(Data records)
++++++++

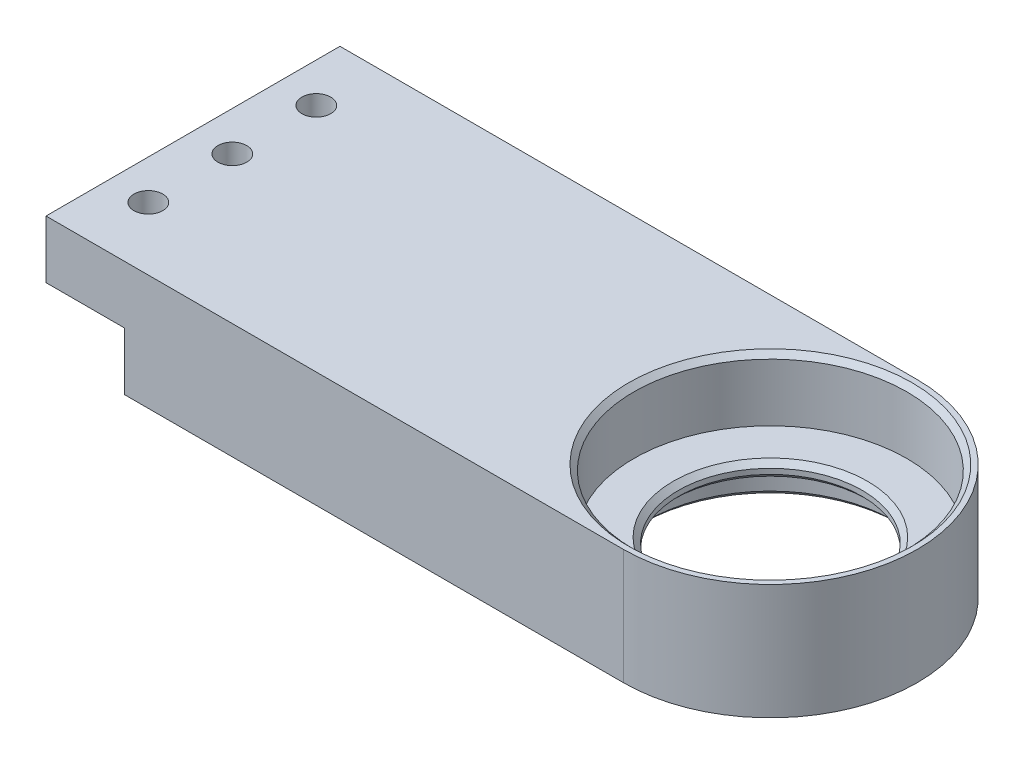
SolidWorks part; units mm, degrees
ref_plane "Front" through (0, 0, 0) normal (0, 0, 1) x (1, 0, 0)
ref_plane "Top" through (0, 0, 0) normal (0, 1, 0) x (1, 0, 0)
ref_plane "Right" through (0, 0, 0) normal (1, 0, 0) x (0, 0, -1)
sketch "草图1" plane through (0, 0, 0) normal (0, 1, 0) x (1, 0, 0)
  line L0 (-128.7916, 0) -> (62.2219, 0) construction
  line L1 (0, 56.2704) -> (0, -41.1981) construction
  line L3 (0, 28) -> (-110, 28)
  line L4 (0, 28) -> (0, -28) construction
  line L5 (0, -28) -> (-110, -28)
  line L6 (-110, 28) -> (-110, -28)
  arc A0 (0, 28) -> (0, -28) centre (0, 0) cw
  dimension "D1" = 110
  dimension "D2" = 28
  dimension "D3" = 56
extrude "凸台-拉伸1" add sketch "草图1" along normal blind 22
sketch "草图2" plane through (0, 0, 28) normal (0, 0, 1) x (1, 0, 0)
  line L1 (-110, 0) -> (-95, 0)
  line L2 (-110, 0) -> (-110, 11)
  line L3 (-110, 11) -> (-95, 11)
  line L4 (-95, 0) -> (-95, 11)
  dimension "D1" = 11
  dimension "D2" = 15
extrude "切除-拉伸1" cut sketch "草图2" against normal up to next
sketch "草图3" plane through (0, 22, 0) normal (0, 1, 0) x (1, 0, 0)
  circle A0 centre (0, 0) radius 26
  dimension "D1" = 52
extrude "切除-拉伸2" cut sketch "草图3" against normal blind 12
sketch "草图4" plane through (0, 10, 0) normal (0, 1, 0) x (1, 0, 0)
  circle A0 centre (0, 0) radius 17.5
  dimension "D1" = 35
extrude "切除-拉伸3" cut sketch "草图4" against normal up to next
sketch "草图5" plane through (0, 0, 0) normal (0, -1, 0) x (1, 0, 0)
  circle A0 centre (0, 0) radius 23.5
  dimension "D1" = 47
extrude "切除-拉伸4" cut sketch "草图5" against normal blind 7
chamfer "倒角1" distance 1 angle 45 4 edges at (0, 22, 26) (0, 0, -23.5) (0, 7, -17.5) (0, 10, 17.5)
sketch "草图6" plane through (0, 22, 0) normal (0, 1, 0) x (1, 0, 0)
  line L0 (-102.5, 37.393) -> (-102.5, -44.722) construction
  line L1 (-118.8522, 0) -> (50.1642, 0) construction
  line L2 (-110, 28) -> (-110, -28) construction
  circle A0 centre (-102.5, 0) radius 2.75
  circle A1 centre (-102.5, 16) radius 2.75
  circle A2 centre (-102.5, -16) radius 2.75
  point P7 (-102.5, 0)
  dimension "D2" = 5.5
  dimension "D3" = 5.5
  dimension "D1" = 7.5
  dimension "D4" = 16
extrude "切除-拉伸5" cut sketch "草图6" against normal up to next
sketch "草图7" plane through (0, 0, 28) normal (0, 0, 1) x (1, 0, 0)
  line L0 (-110, 22) -> (0, 22) construction
  line L1 (-40, 22) -> (28, 22)
  line L2 (-40, 22) -> (-40, 15) construction
  line L3 (-40, 15) -> (28, 15)
  line L4 (28, 22) -> (28, 15)
  line L5 (28, 0) -> (28, 22) construction
  line L6 (0, 22) -> (0, 0) construction
  line L7 (-40, 15) -> (-56.7697, 22)
  line L8 (-56.7697, 22) -> (-40, 22)
  dimension "D1" = 7
  dimension "D2" = 40
extrude "切除-拉伸6" [suppressed] cut sketch "草图7" against normal up to next

++++++++

Required work
Pictures stay out, and every line of the records is transcribed exactly.

Exercise output
SolidWorks part; units mm, degrees
ref_plane "Front" through (0, 0, 0) normal (0, 0, 1) x (1, 0, 0)
ref_plane "Top" through (0, 0, 0) normal (0, 1, 0) x (1, 0, 0)
ref_plane "Right" through (0, 0, 0) normal (1, 0, 0) x (0, 0, -1)
sketch "草图1" plane through (0, 0, 0) normal (0, 1, 0) x (1, 0, 0)
  line L0 (-128.7916, 0) -> (62.2219, 0) construction
  line L1 (0, 56.2704) -> (0, -41.1981) construction
  line L3 (0, 28) -> (-110, 28)
  line L4 (0, 28) -> (0, -28) construction
  line L5 (0, -28) -> (-110, -28)
  line L6 (-110, 28) -> (-110, -28)
  arc A0 (0, 28) -> (0, -28) centre (0, 0) cw
  dimension "D1" = 110
  dimension "D2" = 28
  dimension "D3" = 56
extrude "凸台-拉伸1" add sketch "草图1" along normal blind 22
sketch "草图2" plane through (0, 0, 28) normal (0, 0, 1) x (1, 0, 0)
  line L1 (-110, 0) -> (-95, 0)
  line L2 (-110, 0) -> (-110, 11)
  line L3 (-110, 11) -> (-95, 11)
  line L4 (-95, 0) -> (-95, 11)
  dimension "D1" = 11
  dimension "D2" = 15
extrude "切除-拉伸1" cut sketch "草图2" against normal up to next
sketch "草图3" plane through (0, 22, 0) normal (0, 1, 0) x (1, 0, 0)
  circle A0 centre (0, 0) radius 26
  dimension "D1" = 52
extrude "切除-拉伸2" cut sketch "草图3" against normal blind 12
sketch "草图4" plane through (0, 10, 0) normal (0, 1, 0) x (1, 0, 0)
  circle A0 centre (0, 0) radius 17.5
  dimension "D1" = 35
extrude "切除-拉伸3" cut sketch "草图4" against normal up to next
sketch "草图5" plane through (0, 0, 0) normal (0, -1, 0) x (1, 0, 0)
  circle A0 centre (0, 0) radius 23.5
  dimension "D1" = 47
extrude "切除-拉伸4" cut sketch "草图5" against normal blind 7
chamfer "倒角1" distance 1 angle 45 4 edges at (0, 22, 26) (0, 0, -23.5) (0, 7, -17.5) (0, 10, 17.5)
sketch "草图6" plane through (0, 22, 0) normal (0, 1, 0) x (1, 0, 0)
  line L0 (-102.5, 37.393) -> (-102.5, -44.722) construction
  line L1 (-118.8522, 0) -> (50.1642, 0) construction
  line L2 (-110, 28) -> (-110, -28) construction
  circle A0 centre (-102.5, 0) radius 2.75
  circle A1 centre (-102.5, 16) radius 2.75
  circle A2 centre (-102.5, -16) radius 2.75
  point P7 (-102.5, 0)
  dimension "D2" = 5.5
  dimension "D3" = 5.5
  dimension "D1" = 7.5
  dimension "D4" = 16
extrude "切除-拉伸5" cut sketch "草图6" against normal up to next
sketch "草图7" plane through (0, 0, 28) normal (0, 0, 1) x (1, 0, 0)
  line L0 (-110, 22) -> (0, 22) construction
  line L1 (-40, 22) -> (28, 22)
  line L2 (-40, 22) -> (-40, 15) construction
  line L3 (-40, 15) -> (28, 15)
  line L4 (28, 22) -> (28, 15)
  line L5 (28, 0) -> (28, 22) construction
  line L6 (0, 22) -> (0, 0) construction
  line L7 (-40, 15) -> (-56.7697, 22)
  line L8 (-56.7697, 22) -> (-40, 22)
  dimension "D1" = 7
  dimension "D2" = 40
extrude "切除-拉伸6" [suppressed] cut sketch "草图7" against normal up to next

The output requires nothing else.